Eyes are commonly recognized as the window of the mind and eye movement is the primary sign of life in neuropsychology and cognitive science, because over 70% of the sensory information to the brain is captured by the vision receptors of eyes (Marieb, 1992; Smith, 1993; Sternberg, 1998; Reisberg, 2001; Carter et al., 2009; Wang, 2003b, 2005, 2009c, 2009d, 2012b, 2013; Wang et al., 2006). Among the five primary sensors such as vision, hearing, smell, taste, and touch, eyes transfer the largest portion of sensory information greater than the sum of others. Eyes are featured as the only sensory that possesses both direct connections to the central nervous system of the brain via three neural pathways known as the sensory, motor, and tracking pathways. The other sensors have only part of them or are not directly connected to the central nervous system rather than being relayed by the pons before entering the brain (Marieb, 1992; Coren et al., 1993; Woolsey et al., 2008; Wang, 2003b, 2012b, 2013).

The visual information captured by eyes is represented in symbolic or semantic forms in the brain after being processed (Hubel & Wiesel, 1979; Pinel, 1997; Sternberg, 1998; Wang, 2009c). Hubel and his colleagues discovered in 1959 that the basic unit of vision is a bar-like area known as hypercolumns (Hubel & Wiesel, 1959, 1979) where an image frame is represented by a set of 50 × 50 hypercolumns. The size of a visual frame has been calibrated as about 2,363 pixels according to the property of the invariant resolution hat is inversely proportional to the distance of visual objects (Wang, 2009e), although there are about 125 million visual sensory nervous in the eye (Marieb, 1992; Carter et al., 2009).

There are a number of fundamental questions yet to be answered in order to rationally explain the brain identified in cognitive informatics (Wang, 2002, 2003a, 2006, 2007a, 2012a, 2012d, 2014; Wang & Fariello, 2012; Wang et al., 2009a, 2009b) and abstract intelligence (2008, 2009a, 2010a) such as follows:

  • How does the brain physiologically carry out thinking and perception?

  • How are thinking and perception controlled and directed in the mind?

  • Are all thinking mechanisms consciously or intentionally controllable?

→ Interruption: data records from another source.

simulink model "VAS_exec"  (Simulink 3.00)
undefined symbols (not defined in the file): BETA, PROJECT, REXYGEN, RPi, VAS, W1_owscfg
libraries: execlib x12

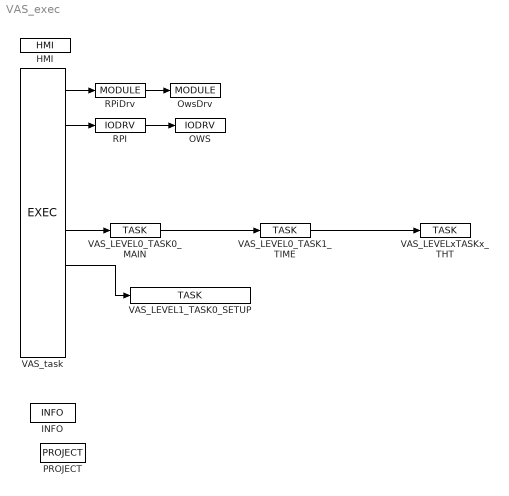
== system VAS_exec ==
  HMI : execlib/HMI  IncludeHMI=on  HmiDir=hmi  SourceDir=hmisrc  GenerateWebWatch=off  GenerateRexHMI=on  RedirectToHMI=on  Compression=on
  INFO : execlib/INFO  Title=VAS-REXYGEN-PROJECT-BETA  Author=Christopher Rothfeldt  Description=Vivarium Automation Server developed with REXYGEN by REX Controls  Customer=General
  OWS : execlib/IODRV  module=OwsDrv  classname=OwsDrv  cfgname=RPi-W1_owscfg.rio  factor=15  stack=10240  pri=3  timer=off
  OwsDrv : execlib/MODULE
  PROJECT : execlib/PROJECT  SourcesOnTarget=on
  RPI : execlib/IODRV  module=RPiDrv  classname=RPiDrv  factor=1  stack=10240  pri=3  timer=off
  RPiDrv : execlib/MODULE
  VAS_LEVEL0_TASK0_MAIN : execlib/TASK  factor=1  start=0  stop=1  stack=10240  MDLOPEN=on
  VAS_LEVEL0_TASK1_TIME : execlib/TASK  factor=1  start=1  stop=2  stack=10240  MDLOPEN=on
  VAS_LEVEL1_TASK0_SETUP : execlib/TASK  factor=1  start=0  stop=1  stack=10240  MDLOPEN=on
  VAS_LEVELxTASKx_THT : execlib/TASK  factor=1  start=2  stop=3  stack=10240  MDLOPEN=off
  "VAS_task " : execlib/EXEC  target=Generic target device  tick=0.05  ntick0=4  ntick1=10  ntick2=100  ntick3=1200  pri0=5  pri1=9  pri2=13  pri3=18
  wires:
  RPI/1 -> OWS/1
  RPiDrv/1 -> OwsDrv/1
  VAS_LEVEL0_TASK0_MAIN/1 -> VAS_LEVEL0_TASK1_TIME/1
  VAS_LEVEL0_TASK1_TIME/1 -> VAS_LEVELxTASKx_THT/1
  "VAS_task "/1 -> RPiDrv/1
  "VAS_task "/2 -> RPI/1
  "VAS_task "/5 -> VAS_LEVEL0_TASK0_MAIN/1
  "VAS_task "/6 -> VAS_LEVEL1_TASK0_SETUP/1
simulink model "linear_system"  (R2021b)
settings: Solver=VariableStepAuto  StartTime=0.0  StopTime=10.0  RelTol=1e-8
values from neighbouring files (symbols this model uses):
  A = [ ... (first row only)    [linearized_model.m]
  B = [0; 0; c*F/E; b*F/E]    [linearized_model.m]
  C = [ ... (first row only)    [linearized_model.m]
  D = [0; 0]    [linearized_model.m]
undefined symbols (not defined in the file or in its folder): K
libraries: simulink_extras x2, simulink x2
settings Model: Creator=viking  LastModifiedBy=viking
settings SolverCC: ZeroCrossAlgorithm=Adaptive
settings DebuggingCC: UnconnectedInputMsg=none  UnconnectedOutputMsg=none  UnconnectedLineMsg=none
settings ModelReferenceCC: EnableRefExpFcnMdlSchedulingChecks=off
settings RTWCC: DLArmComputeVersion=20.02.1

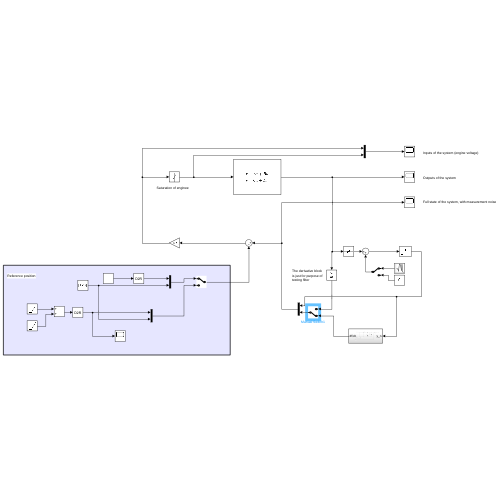
[thumbnail: Simulink's stored preview of the top-level diagram]
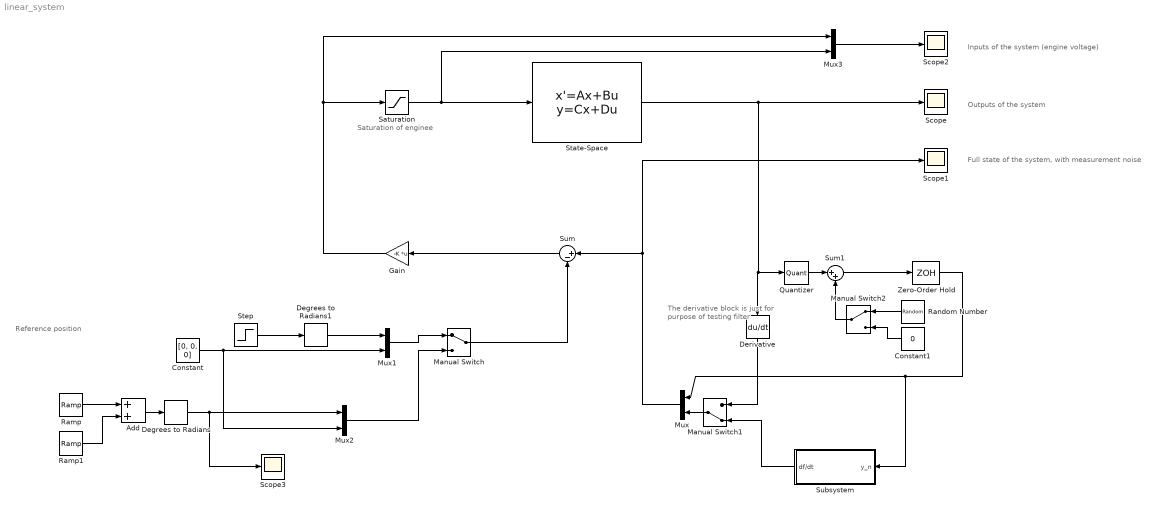
== system linear_system ==
  note: The derivative block is just for purpose of testing filter
  note: Inputs of the system (engine voltage)
  note: Full state of the system, with measurement noise
  note: Outputs of the system
  note: Saturation of enginee
  note: Reference position
  Add : Sum
  Constant : Constant  Value=[0, 0, 0]
  Constant1 : Constant  Value=0
  Degrees to Radians : simulink_extras/Transformations/Degrees to Radians
  Degrees to Radians1 : simulink_extras/Transformations/Degrees to Radians
  Derivative : Derivative  CoefficientInTFapproximation=0
  Gain : Gain  Gain=-K  Multiplication=Matrix(K*u)
  Manual Switch : ManualSwitch
  Manual Switch1 : ManualSwitch  CurrentSetting=0
  Manual Switch2 : ManualSwitch
  Mux{,1..3} (4 alike) : Mux  Inputs=2
  Quantizer : Quantizer  QuantizationInterval=0.005
  Ramp : simulink/Sources/Ramp  slope=5  start=0  InitialOutput=0
  Ramp1 : simulink/Sources/Ramp  slope=-5  start=5  InitialOutput=0
  Random Number : RandomNumber  Variance=1e-5  SampleTime=0.005
  Saturation : Saturate  UpperLimit=5  LowerLimit=-5
  Scope{,1..3} (4 alike) : Scope
  State-Space : StateSpace  A=A  B=B  C=C  D=D  InitialCondition=[0, 0, 0, 0]  ContinuousStateAttributes={'theta', 'alpha', 'dtheta', 'dalpha'}
  Step : Step  Time=0.1  After=45  SampleTime=0
  Subsystem : Subsystem
  Sum : Sum  Inputs=|+-
  Sum1 : Sum  Inputs=|++
  Zero-Order Hold : ZeroOrderHold  SampleTime=0.005
  wires:
  State-Space/1 -> Quantizer/1, Derivative/1, Scope/1
  Gain/1 -> Mux3/1, Saturation/1
  Mux/1 -> Sum/1, Scope1/1
  Sum/1 -> Gain/1
  Manual Switch/1 -> Sum/2
  Mux1/1 -> Manual Switch/1
  Constant/1 -> Mux2/2, Mux1/2
  Mux2/1 -> Manual Switch/2
  Ramp/1 -> Add/1
  Ramp1/1 -> Add/2
  Saturation/1 -> Mux3/2, State-Space/1
  Derivative/1 -> Manual Switch1/1
  Manual Switch1/1 -> Mux/2
  Subsystem/1(df/dt) -> Manual Switch1/2
  Degrees to Radians1/1 -> Mux1/1
  Step/1 -> Degrees to Radians1/1
  Add/1 -> Degrees to Radians/1
  Degrees to Radians/1 -> Scope3/1, Mux2/1
  Sum1/1 -> Zero-Order Hold/1
  Mux3/1 -> Scope2/1
  Quantizer/1 -> Sum1/1
  Zero-Order Hold/1 -> Subsystem/1(y_n), Mux/1
  Manual Switch2/1 -> Sum1/2
  Random Number/1 -> Manual Switch2/1
  Constant1/1 -> Manual Switch2/2

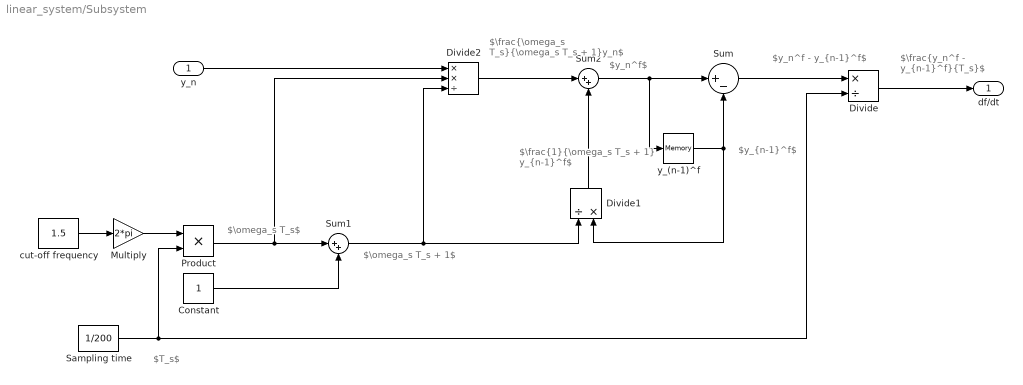
== system linear_system/Subsystem ==
  note: $\frac{y_n^f - y_{n-1}^f}{T_s}$
  note: $T_s$
  note: $y_n^f - y_{n-1}^f$
  note: $\frac{1}{\omega_s T_s + 1} y_{n-1}^f$
  note: $y_n^f$
  note: $y_{n-1}^f$
  note: $\frac{\omega_s T_s}{\omega_s T_s + 1}y_n$
  note: $\omega_s T_s$
  note: $\omega_s T_s + 1$
  y_n : Inport
  Constant : Constant
  Divide : Product  Inputs=*/
  Divide1 : Product  Inputs=/*
  Divide2 : Product  Inputs=**/
  Multiply : Gain  Gain=2*pi
  Product : Product
  Sampling time : Constant  Value=1/200
  Sum : Sum  Inputs=|+-
  Sum1 : Sum  Inputs=|++
  Sum2 : Sum  Inputs=|++
  cut-off frequency : Constant  Value=1.5
  y_(n-1)^f : Memory
  df/dt : Outport
  wires:
  Multiply/1 -> Product/1
  Sampling time/1 -> Product/2, Divide/2
  Product/1 -> Divide2/2, Sum1/1
  Sum1/1 -> Divide2/3, Divide1/1
  Constant/1 -> Sum1/2
  y_n/1 -> Divide2/1
  y_(n-1)^f/1 -> Divide1/2, Sum/2
  Sum/1 -> Divide/1
  Divide/1 -> df/dt/1
  Divide2/1 -> Sum2/1
  Sum2/1 -> y_(n-1)^f/1, Sum/1
  Divide1/1 -> Sum2/2
  cut-off frequency/1 -> Multiply/1
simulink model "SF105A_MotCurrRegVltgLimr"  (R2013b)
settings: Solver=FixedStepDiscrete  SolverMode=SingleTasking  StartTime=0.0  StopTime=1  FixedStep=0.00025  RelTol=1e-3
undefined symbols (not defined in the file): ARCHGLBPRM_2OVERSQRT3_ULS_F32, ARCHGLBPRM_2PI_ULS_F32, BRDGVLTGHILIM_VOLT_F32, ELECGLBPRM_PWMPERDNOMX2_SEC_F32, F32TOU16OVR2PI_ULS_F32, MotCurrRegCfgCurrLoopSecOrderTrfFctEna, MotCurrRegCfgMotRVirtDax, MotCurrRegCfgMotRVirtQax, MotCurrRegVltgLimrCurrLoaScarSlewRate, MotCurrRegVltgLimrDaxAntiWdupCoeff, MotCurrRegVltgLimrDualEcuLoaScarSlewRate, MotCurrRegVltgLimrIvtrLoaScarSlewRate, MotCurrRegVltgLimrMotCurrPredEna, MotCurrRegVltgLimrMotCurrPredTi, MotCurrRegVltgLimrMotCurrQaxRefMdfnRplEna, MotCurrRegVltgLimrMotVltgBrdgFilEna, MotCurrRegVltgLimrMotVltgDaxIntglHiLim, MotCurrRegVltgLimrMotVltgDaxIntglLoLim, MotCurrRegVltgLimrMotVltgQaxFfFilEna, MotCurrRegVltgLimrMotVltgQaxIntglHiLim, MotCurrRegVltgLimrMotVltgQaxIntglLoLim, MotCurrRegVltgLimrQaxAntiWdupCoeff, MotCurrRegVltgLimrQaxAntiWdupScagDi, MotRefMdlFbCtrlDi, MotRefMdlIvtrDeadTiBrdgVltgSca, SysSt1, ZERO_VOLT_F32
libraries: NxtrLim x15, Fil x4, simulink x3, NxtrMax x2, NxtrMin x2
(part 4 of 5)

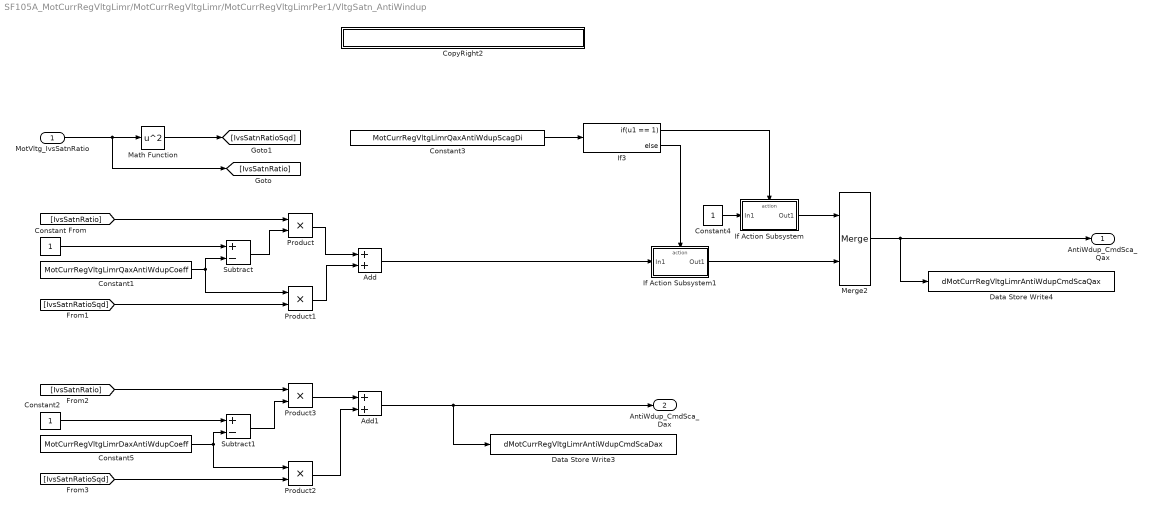
== system SF105A_MotCurrRegVltgLimr/MotCurrRegVltgLimr/MotCurrRegVltgLimrPer1/VltgSatn_AntiWindup ==
  MotVltg_IvsSatnRatio : Inport  RequirementInfo="{'linktype_rmi_doors' '0000bb44 (/E-STEER Core/SubSystem Specifications/Application Functions/SF99/SF105A Current Regulator and Voltage Limiter)' '#SF105A_130' 'true' 'REQ:  SF105A_130' '' ; 'linktype_rmi_doors' '0000bb44 (/E-STEER Core/SubSystem Specifications/Application Functions/SF99/SF105A Current Regulator and Voltage Limiter)' '#SF105A_130' 'true' 'REQ:  SF105A_130' '' } %GIDa_888bca64_0823_4deb_ba1d_307ad11fc636"
  Add : Sum  RequirementInfo="{'linktype_rmi_doors' '0000bb44 (/E-STEER Core/SubSystem Specifications/Application Functions/SF99/SF105A Current Regulator and Voltage Limiter)' '#SF105A_126' 'true' 'REQ:  SF105A_126' '' } %GIDa_812b0983_0c53_4cfa_9a51_643dbc79a070"
  Add1 : Sum  RequirementInfo="{'linktype_rmi_doors' '0000bb44 (/E-STEER Core/SubSystem Specifications/Application Functions/SF99/SF105A Current Regulator and Voltage Limiter)' '#SF105A_130' 'true' 'REQ:  SF105A_130' '' } %GIDa_2674bb96_c0b6_4cdb_b829_01729431041f"
  Constant : Constant  RequirementInfo="{'linktype_rmi_doors' '0000bb44 (/E-STEER Core/SubSystem Specifications/Application Functions/SF99/SF105A Current Regulator and Voltage Limiter)' '#SF105A_126' 'true' 'REQ:  SF105A_126' '' } %GIDa_a4ea031f_79fb_49ac_9d61_2a336d42d170"  OutDataTypeStr=single
  Constant1 : Constant  RequirementInfo="{'linktype_rmi_doors' '0000bb44 (/E-STEER Core/SubSystem Specifications/Application Functions/SF99/SF105A Current Regulator and Voltage Limiter)' '#SF105A_126' 'true' 'REQ:  SF105A_126' '' ; 'linktype_rmi_doors' '0000bb44 (/E-STEER Core/SubSystem Specifications/Application Functions/SF99/SF105A Current Regulator and Voltage Limiter)' '#SF105A_126' 'true' 'REQ:  SF105A_126' '' } %GIDa_f0528501_6455_46bb_9be1_873b38c0945c"  Value=MotCurrRegVltgLimrQaxAntiWdupCoeff
  Constant2 : Constant  RequirementInfo="{'linktype_rmi_doors' '0000bb44 (/E-STEER Core/SubSystem Specifications/Application Functions/SF99/SF105A Current Regulator and Voltage Limiter)' '#SF105A_130' 'true' 'REQ:  SF105A_130' '' } %GIDa_f1e0f24a_4abc_445f_8df3_e7d8a5290d26"  OutDataTypeStr=single
  Constant3 : Constant  RequirementInfo="{'linktype_rmi_doors' '0000bb44 (/E-STEER Core/SubSystem Specifications/Application Functions/SF99/SF105A Current Regulator and Voltage Limiter)' '#SF105A_126' 'true' 'REQ:  SF105A_126' '' } %GIDa_0a590627_be14_4a36_8e32_6ad02ffe62c3"  Value=MotCurrRegVltgLimrQaxAntiWdupScagDi
  Constant4 : Constant  RequirementInfo="{'linktype_rmi_doors' '0000bb44 (/E-STEER Core/SubSystem Specifications/Application Functions/SF99/SF105A Current Regulator and Voltage Limiter)' '#SF105A_126' 'true' 'REQ:  SF105A_126' '' } %GIDa_b2b2de9c_8926_4bf3_ad2c_18100fed640c"  OutDataTypeStr=single
  Constant5 : Constant  RequirementInfo="{'linktype_rmi_doors' '0000bb44 (/E-STEER Core/SubSystem Specifications/Application Functions/SF99/SF105A Current Regulator and Voltage Limiter)' '#SF105A_126' 'true' 'REQ:  SF105A_126' '' ; 'linktype_rmi_doors' '0000bb44 (/E-STEER Core/SubSystem Specifications/Application Functions/SF99/SF105A Current Regulator and Voltage Limiter)' '#SF105A_130' 'true' 'REQ:  SF105A_130' '' } %GIDa_6fe1152d_0e16_4530_a23a_94ed2f7f620d"  Value=MotCurrRegVltgLimrDaxAntiWdupCoeff
  CopyRight2 : Subsystem  Description=|  mask(Copyright Information){none=on}
      | Copyright info block.                                               
      |                                                                     
      | Place copyright information at the top of every subsystem in design.
      mask prompts: none "No parameters"
      mask help: Place copyright information at the top of every subsystem in design.
      mask Display:
      | NxtrConf = 'Nexteer Confidential';
      | 
      | sys = bdroot; %handle for the current model ("system")
      | first = get_param(sys,'Created');
      | if(isempty(first))
      |     first = datestr(now,'yyyy');
      | else
      |     first = first(end-3:end);  %year is last four digits
      | end
      | 
      | last = get_param(sys,'LastModifiedDate');
      | if isempty(last)
      |     last = datestr(now,'yyyy');
      | else
      |     last = last(end-3:end);
      | end
      | 
      | if strcmp(first,last)
      |     fprintf('%s -- Copyright %s Nexteer',NxtrConf,first)
      | else
      |     fprintf('%s -- %s%s- %s Nexteer',NxtrConf,char(169),first,last)
      | end
  Data Store Write3 : DataStoreWrite  RequirementInfo="{'linktype_rmi_doors' '0000bb44 (/E-STEER Core/SubSystem Specifications/Application Functions/SF99/SF105A Current Regulator and Voltage Limiter)' '#SF105A_141' 'true' 'REQ:  SF105A_141' '' } %GIDa_d69d978d_8d8c_4eb5_8eb7_5cf010971c8b"  DataStoreName=dMotCurrRegVltgLimrAntiWdupCmdScaDax
  Data Store Write4 : DataStoreWrite  RequirementInfo="{'linktype_rmi_doors' '0000bb44 (/E-STEER Core/SubSystem Specifications/Application Functions/SF99/SF105A Current Regulator and Voltage Limiter)' '#SF105A_141' 'true' 'REQ:  SF105A_141' '' } %GIDa_9849020c_0cb1_40e6_a462_20415501e4e7"  DataStoreName=dMotCurrRegVltgLimrAntiWdupCmdScaQax
  If Action Subsystem : Subsystem  RequirementInfo="{'linktype_rmi_doors' '0000bb44 (/E-STEER Core/SubSystem Specifications/Application Functions/SF99/SF105A Current Regulator and Voltage Limiter)' '#SF105A_126' 'true' 'REQ:  SF105A_126' '' } %GIDa_c49f3131_c39a_4483_bd39_15998722cd10"  TreatAsAtomicUnit=on
  If Action Subsystem1 : Subsystem  RequirementInfo="{'linktype_rmi_doors' '0000bb44 (/E-STEER Core/SubSystem Specifications/Application Functions/SF99/SF105A Current Regulator and Voltage Limiter)' '#SF105A_126' 'true' 'REQ:  SF105A_126' '' } %GIDa_0be6e736_8039_4cb8_9da1_1d96e36153a9"  TreatAsAtomicUnit=on
  If3 : If  RequirementInfo="{'linktype_rmi_doors' '0000bb44 (/E-STEER Core/SubSystem Specifications/Application Functions/SF99/SF105A Current Regulator and Voltage Limiter)' '#SF105A_126' 'true' 'REQ:  SF105A_126' '' } %GIDa_dbf56d85_10ab_48c7_a6a3_82cb7cfa18de"  IfExpression=u1 == 1
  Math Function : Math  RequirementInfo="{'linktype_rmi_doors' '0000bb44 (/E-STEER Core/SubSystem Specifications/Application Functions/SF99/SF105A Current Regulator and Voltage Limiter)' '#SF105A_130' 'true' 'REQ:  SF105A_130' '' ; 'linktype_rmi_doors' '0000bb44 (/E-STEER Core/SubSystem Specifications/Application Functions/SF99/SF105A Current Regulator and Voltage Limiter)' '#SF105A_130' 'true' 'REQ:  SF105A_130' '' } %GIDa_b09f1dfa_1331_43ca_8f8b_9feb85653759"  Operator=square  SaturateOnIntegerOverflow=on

  • What is the role of eye movement for browsing and accessing the internal cognitive knowledge base in thinking?

The cognitive mechanisms of eyes beyond its conventionally recognized roles as for vision sensory are a key for seeking answers to the above list of fundamental questions about the brain and the mind, because almost all answers to them pinpoint to the eyes as both the visual sensor and the perceptual browser of the mind as the 6th sense of human brain.